__Problem to solve__. Look through the data below for the line with "#69=VERTEX_POINT('',#68);" and the line with "#136=FACE_BOUND('',#135,.T.);", then output those two and all lines in between, exactly as written.

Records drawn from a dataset

────────────────────

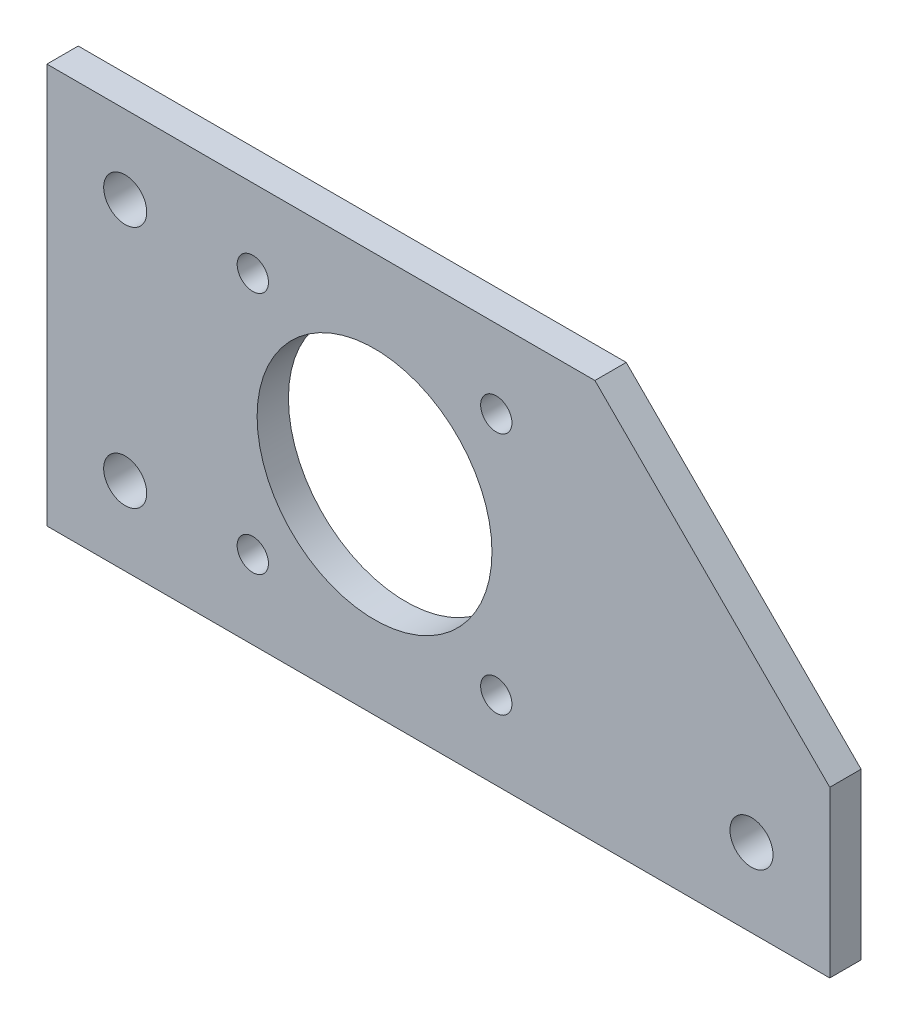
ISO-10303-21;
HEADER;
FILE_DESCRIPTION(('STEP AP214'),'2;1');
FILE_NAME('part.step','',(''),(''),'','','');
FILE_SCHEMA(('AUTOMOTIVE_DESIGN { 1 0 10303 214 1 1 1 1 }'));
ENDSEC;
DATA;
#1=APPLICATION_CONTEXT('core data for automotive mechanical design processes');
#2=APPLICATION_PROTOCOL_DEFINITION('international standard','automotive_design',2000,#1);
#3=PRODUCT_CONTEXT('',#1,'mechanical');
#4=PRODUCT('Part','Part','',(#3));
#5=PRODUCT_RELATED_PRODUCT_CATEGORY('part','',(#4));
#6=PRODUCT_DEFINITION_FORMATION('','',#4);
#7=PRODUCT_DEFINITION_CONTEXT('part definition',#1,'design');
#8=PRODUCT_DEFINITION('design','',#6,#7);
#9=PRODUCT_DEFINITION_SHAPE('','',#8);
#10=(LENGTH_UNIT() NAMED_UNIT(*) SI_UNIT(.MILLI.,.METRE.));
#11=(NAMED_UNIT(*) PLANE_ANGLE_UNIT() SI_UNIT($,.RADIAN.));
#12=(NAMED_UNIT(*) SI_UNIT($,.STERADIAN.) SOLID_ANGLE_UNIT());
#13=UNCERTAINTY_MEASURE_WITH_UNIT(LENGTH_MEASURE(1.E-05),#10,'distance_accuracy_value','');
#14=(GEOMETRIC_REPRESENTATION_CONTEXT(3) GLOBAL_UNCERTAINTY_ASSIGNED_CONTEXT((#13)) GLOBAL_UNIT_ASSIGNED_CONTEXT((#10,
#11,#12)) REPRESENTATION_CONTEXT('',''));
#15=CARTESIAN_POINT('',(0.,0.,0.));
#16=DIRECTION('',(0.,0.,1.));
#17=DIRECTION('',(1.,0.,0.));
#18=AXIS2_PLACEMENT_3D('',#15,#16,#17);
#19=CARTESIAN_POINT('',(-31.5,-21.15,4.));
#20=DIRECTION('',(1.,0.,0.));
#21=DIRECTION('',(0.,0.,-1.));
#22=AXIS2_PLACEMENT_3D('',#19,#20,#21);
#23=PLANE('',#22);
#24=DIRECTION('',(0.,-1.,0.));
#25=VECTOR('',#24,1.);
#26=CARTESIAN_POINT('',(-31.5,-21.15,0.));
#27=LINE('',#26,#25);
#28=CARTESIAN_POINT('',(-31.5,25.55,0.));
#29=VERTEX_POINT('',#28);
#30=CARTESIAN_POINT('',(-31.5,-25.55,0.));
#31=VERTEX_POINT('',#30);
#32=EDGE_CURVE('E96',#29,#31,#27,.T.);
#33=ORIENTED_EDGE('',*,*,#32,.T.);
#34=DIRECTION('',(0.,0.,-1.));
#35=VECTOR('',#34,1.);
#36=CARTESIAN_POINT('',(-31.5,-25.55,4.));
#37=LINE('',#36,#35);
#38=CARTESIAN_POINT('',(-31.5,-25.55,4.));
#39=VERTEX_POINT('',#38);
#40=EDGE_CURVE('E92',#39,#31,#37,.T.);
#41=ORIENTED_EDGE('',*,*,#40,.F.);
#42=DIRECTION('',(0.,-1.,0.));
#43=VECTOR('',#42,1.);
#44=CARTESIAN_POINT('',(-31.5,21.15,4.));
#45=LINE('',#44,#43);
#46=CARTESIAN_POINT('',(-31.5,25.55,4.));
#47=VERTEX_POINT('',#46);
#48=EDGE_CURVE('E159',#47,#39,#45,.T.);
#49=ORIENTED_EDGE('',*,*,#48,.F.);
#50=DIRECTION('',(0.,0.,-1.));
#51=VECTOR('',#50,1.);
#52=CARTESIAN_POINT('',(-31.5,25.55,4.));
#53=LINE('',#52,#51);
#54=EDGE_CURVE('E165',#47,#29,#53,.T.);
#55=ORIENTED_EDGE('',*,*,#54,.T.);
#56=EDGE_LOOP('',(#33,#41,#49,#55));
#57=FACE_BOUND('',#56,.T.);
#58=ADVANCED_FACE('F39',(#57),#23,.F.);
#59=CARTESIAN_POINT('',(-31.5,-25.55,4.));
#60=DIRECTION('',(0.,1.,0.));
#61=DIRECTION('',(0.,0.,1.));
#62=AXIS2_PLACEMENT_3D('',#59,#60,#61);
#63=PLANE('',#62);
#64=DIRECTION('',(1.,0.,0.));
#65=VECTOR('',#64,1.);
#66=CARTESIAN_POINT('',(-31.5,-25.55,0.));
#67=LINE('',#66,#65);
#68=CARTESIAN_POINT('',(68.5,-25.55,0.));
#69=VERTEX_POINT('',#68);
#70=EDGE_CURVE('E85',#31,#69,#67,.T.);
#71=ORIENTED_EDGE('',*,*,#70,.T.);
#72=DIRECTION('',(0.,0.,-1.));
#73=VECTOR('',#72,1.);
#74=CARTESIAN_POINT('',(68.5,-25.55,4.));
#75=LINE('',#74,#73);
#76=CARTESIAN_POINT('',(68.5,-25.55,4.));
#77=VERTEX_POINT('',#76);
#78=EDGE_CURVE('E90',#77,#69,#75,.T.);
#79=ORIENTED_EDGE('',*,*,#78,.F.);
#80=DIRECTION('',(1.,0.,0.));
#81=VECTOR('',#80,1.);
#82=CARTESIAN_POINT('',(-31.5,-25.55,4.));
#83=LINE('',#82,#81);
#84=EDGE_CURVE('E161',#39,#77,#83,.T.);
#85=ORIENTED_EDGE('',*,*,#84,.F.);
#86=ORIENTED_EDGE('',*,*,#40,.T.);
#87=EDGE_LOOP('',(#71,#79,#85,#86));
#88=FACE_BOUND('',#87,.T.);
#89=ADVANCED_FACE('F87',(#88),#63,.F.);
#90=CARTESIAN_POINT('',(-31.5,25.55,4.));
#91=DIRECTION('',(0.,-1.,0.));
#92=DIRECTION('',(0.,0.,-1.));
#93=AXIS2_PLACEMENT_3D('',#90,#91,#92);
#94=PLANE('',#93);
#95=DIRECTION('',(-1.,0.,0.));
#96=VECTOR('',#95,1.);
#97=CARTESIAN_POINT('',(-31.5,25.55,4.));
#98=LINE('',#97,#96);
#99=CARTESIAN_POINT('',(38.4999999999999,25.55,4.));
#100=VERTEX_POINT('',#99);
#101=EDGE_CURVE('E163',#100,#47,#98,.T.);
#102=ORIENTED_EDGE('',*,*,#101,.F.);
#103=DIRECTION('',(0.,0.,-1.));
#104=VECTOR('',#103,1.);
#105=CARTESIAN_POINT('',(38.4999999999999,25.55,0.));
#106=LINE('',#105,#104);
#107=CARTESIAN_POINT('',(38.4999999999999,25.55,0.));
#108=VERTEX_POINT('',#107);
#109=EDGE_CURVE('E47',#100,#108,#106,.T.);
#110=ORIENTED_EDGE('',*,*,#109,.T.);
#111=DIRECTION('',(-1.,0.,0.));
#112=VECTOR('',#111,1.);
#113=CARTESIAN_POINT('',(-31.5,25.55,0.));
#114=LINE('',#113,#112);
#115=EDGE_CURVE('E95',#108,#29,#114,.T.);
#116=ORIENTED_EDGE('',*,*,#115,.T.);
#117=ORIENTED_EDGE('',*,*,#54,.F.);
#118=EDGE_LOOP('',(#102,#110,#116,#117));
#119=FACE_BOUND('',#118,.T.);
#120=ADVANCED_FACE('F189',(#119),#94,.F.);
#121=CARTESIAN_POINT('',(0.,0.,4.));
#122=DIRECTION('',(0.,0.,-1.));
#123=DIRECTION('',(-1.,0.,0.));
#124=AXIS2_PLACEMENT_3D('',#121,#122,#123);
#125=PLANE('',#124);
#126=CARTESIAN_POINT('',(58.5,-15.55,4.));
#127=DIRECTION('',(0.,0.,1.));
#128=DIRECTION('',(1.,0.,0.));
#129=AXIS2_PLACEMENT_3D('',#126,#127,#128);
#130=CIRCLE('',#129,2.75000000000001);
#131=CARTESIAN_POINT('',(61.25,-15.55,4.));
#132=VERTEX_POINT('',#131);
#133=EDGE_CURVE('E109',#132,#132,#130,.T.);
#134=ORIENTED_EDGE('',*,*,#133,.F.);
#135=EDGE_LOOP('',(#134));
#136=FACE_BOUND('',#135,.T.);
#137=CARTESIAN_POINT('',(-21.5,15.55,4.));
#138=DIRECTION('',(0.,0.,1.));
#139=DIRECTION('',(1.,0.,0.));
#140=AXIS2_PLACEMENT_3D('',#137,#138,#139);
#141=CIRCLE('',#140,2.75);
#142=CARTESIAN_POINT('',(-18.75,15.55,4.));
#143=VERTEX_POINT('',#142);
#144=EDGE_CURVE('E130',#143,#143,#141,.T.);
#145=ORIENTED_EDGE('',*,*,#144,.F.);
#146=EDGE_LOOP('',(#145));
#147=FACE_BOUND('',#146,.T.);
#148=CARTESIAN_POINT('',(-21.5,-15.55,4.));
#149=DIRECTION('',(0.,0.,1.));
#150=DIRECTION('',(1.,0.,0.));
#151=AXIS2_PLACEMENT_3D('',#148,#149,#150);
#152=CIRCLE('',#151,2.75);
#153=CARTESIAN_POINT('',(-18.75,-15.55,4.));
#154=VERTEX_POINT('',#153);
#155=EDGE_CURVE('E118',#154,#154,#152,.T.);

────────────────────

__Exercise response__.
#69=VERTEX_POINT('',#68);
#70=EDGE_CURVE('E85',#31,#69,#67,.T.);
#71=ORIENTED_EDGE('',*,*,#70,.T.);
#72=DIRECTION('',(0.,0.,-1.));
#73=VECTOR('',#72,1.);
#74=CARTESIAN_POINT('',(68.5,-25.55,4.));
#75=LINE('',#74,#73);
#76=CARTESIAN_POINT('',(68.5,-25.55,4.));
#77=VERTEX_POINT('',#76);
#78=EDGE_CURVE('E90',#77,#69,#75,.T.);
#79=ORIENTED_EDGE('',*,*,#78,.F.);
#80=DIRECTION('',(1.,0.,0.));
#81=VECTOR('',#80,1.);
#82=CARTESIAN_POINT('',(-31.5,-25.55,4.));
#83=LINE('',#82,#81);
#84=EDGE_CURVE('E161',#39,#77,#83,.T.);
#85=ORIENTED_EDGE('',*,*,#84,.F.);
#86=ORIENTED_EDGE('',*,*,#40,.T.);
#87=EDGE_LOOP('',(#71,#79,#85,#86));
#88=FACE_BOUND('',#87,.T.);
#89=ADVANCED_FACE('F87',(#88),#63,.F.);
#90=CARTESIAN_POINT('',(-31.5,25.55,4.));
#91=DIRECTION('',(0.,-1.,0.));
#92=DIRECTION('',(0.,0.,-1.));
#93=AXIS2_PLACEMENT_3D('',#90,#91,#92);
#94=PLANE('',#93);
#95=DIRECTION('',(-1.,0.,0.));
#96=VECTOR('',#95,1.);
#97=CARTESIAN_POINT('',(-31.5,25.55,4.));
#98=LINE('',#97,#96);
#99=CARTESIAN_POINT('',(38.4999999999999,25.55,4.));
#100=VERTEX_POINT('',#99);
#101=EDGE_CURVE('E163',#100,#47,#98,.T.);
#102=ORIENTED_EDGE('',*,*,#101,.F.);
#103=DIRECTION('',(0.,0.,-1.));
#104=VECTOR('',#103,1.);
#105=CARTESIAN_POINT('',(38.4999999999999,25.55,0.));
#106=LINE('',#105,#104);
#107=CARTESIAN_POINT('',(38.4999999999999,25.55,0.));
#108=VERTEX_POINT('',#107);
#109=EDGE_CURVE('E47',#100,#108,#106,.T.);
#110=ORIENTED_EDGE('',*,*,#109,.T.);
#111=DIRECTION('',(-1.,0.,0.));
#112=VECTOR('',#111,1.);
#113=CARTESIAN_POINT('',(-31.5,25.55,0.));
#114=LINE('',#113,#112);
#115=EDGE_CURVE('E95',#108,#29,#114,.T.);
#116=ORIENTED_EDGE('',*,*,#115,.T.);
#117=ORIENTED_EDGE('',*,*,#54,.F.);
#118=EDGE_LOOP('',(#102,#110,#116,#117));
#119=FACE_BOUND('',#118,.T.);
#120=ADVANCED_FACE('F189',(#119),#94,.F.);
#121=CARTESIAN_POINT('',(0.,0.,4.));
#122=DIRECTION('',(0.,0.,-1.));
#123=DIRECTION('',(-1.,0.,0.));
#124=AXIS2_PLACEMENT_3D('',#121,#122,#123);
#125=PLANE('',#124);
#126=CARTESIAN_POINT('',(58.5,-15.55,4.));
#127=DIRECTION('',(0.,0.,1.));
#128=DIRECTION('',(1.,0.,0.));
#129=AXIS2_PLACEMENT_3D('',#126,#127,#128);
#130=CIRCLE('',#129,2.75000000000001);
#131=CARTESIAN_POINT('',(61.25,-15.55,4.));
#132=VERTEX_POINT('',#131);
#133=EDGE_CURVE('E109',#132,#132,#130,.T.);
#134=ORIENTED_EDGE('',*,*,#133,.F.);
#135=EDGE_LOOP('',(#134));
#136=FACE_BOUND('',#135,.T.);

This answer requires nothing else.